Task to carry out:
Across the records, how many lines contain "taken"? Answer with the number alone.

Source records
--------------------------------------------------
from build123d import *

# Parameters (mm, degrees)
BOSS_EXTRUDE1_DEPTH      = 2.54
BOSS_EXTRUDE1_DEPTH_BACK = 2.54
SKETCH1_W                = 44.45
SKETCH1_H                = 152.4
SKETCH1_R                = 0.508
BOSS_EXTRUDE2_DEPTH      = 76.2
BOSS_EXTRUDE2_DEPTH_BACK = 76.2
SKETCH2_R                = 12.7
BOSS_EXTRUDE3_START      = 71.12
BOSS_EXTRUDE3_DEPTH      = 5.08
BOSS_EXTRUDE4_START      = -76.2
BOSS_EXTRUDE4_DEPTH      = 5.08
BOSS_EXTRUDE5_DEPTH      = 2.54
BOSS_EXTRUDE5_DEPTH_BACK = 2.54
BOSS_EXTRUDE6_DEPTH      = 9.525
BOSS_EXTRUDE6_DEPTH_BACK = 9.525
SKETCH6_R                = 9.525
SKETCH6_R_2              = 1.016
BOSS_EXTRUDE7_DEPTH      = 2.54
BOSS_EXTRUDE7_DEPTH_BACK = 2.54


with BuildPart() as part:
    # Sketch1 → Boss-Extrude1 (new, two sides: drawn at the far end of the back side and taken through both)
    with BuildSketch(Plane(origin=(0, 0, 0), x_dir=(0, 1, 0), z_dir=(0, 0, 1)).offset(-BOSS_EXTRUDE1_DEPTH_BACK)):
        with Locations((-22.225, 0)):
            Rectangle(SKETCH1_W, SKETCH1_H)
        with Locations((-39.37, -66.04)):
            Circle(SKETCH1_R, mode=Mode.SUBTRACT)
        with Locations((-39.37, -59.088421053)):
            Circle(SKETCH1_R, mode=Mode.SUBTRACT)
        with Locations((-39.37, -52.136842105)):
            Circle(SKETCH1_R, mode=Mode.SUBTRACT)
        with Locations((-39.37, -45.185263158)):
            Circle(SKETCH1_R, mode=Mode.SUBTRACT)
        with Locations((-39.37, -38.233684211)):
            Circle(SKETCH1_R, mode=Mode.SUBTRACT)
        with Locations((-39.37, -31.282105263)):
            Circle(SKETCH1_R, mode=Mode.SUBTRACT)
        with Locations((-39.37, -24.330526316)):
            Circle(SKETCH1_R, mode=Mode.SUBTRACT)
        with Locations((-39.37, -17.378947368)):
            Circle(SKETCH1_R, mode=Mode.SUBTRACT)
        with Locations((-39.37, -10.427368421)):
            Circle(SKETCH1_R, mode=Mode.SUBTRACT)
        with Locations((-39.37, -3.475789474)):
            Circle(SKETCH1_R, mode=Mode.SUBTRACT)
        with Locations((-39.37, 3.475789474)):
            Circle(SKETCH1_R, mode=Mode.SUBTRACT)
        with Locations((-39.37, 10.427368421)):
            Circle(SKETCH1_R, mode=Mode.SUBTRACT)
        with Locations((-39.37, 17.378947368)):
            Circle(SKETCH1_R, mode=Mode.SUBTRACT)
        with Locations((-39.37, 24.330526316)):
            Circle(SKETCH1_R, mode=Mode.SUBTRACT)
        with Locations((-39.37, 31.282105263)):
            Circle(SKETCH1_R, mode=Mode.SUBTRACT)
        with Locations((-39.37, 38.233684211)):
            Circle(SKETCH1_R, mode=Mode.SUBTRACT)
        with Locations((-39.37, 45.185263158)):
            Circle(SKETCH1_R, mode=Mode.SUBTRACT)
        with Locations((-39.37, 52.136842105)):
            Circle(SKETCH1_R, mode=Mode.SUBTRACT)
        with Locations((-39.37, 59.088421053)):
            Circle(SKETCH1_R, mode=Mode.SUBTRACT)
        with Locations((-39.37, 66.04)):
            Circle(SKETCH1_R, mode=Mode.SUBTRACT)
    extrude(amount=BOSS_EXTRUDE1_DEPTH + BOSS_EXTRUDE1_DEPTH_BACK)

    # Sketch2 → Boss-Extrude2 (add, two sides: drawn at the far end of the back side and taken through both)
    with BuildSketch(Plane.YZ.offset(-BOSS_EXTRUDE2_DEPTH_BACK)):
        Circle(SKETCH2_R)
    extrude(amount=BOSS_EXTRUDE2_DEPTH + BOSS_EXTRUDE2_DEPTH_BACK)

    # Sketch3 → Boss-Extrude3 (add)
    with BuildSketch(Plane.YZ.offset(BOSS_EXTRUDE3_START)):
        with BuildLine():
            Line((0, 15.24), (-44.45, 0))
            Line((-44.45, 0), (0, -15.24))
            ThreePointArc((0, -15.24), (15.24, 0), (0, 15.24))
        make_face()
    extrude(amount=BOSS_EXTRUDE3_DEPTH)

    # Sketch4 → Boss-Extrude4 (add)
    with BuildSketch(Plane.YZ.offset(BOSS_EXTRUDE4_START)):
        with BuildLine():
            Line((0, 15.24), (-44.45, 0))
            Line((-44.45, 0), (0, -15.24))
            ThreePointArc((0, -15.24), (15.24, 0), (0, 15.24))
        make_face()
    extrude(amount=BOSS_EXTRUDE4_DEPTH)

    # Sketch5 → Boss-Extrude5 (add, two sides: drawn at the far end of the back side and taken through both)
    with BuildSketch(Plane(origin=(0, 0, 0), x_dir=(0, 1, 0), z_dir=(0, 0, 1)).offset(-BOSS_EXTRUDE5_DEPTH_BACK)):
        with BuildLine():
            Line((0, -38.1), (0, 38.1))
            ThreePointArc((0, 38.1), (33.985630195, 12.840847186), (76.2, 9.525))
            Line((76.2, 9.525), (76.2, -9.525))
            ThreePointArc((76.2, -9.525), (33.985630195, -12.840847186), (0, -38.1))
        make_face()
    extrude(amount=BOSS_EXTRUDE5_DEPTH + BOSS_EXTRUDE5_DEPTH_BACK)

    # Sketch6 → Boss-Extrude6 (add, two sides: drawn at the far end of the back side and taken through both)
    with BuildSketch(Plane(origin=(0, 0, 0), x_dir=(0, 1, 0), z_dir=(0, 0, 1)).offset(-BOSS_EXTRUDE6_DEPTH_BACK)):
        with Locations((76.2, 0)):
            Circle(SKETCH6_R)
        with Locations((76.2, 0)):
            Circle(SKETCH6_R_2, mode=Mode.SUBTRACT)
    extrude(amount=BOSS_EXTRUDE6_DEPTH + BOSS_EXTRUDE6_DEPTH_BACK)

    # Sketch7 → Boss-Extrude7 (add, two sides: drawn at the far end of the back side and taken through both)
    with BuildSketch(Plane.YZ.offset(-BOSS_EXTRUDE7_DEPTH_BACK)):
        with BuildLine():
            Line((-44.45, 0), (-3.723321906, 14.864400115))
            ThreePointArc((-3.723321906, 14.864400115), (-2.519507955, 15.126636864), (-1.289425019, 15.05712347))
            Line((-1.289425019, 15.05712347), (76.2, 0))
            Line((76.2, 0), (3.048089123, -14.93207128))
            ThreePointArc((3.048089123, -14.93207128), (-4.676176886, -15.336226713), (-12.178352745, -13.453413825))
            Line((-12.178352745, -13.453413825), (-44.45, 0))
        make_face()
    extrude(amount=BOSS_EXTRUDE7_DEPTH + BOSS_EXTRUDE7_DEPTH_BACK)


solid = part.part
--------------------------------------------------
Problem solution:
5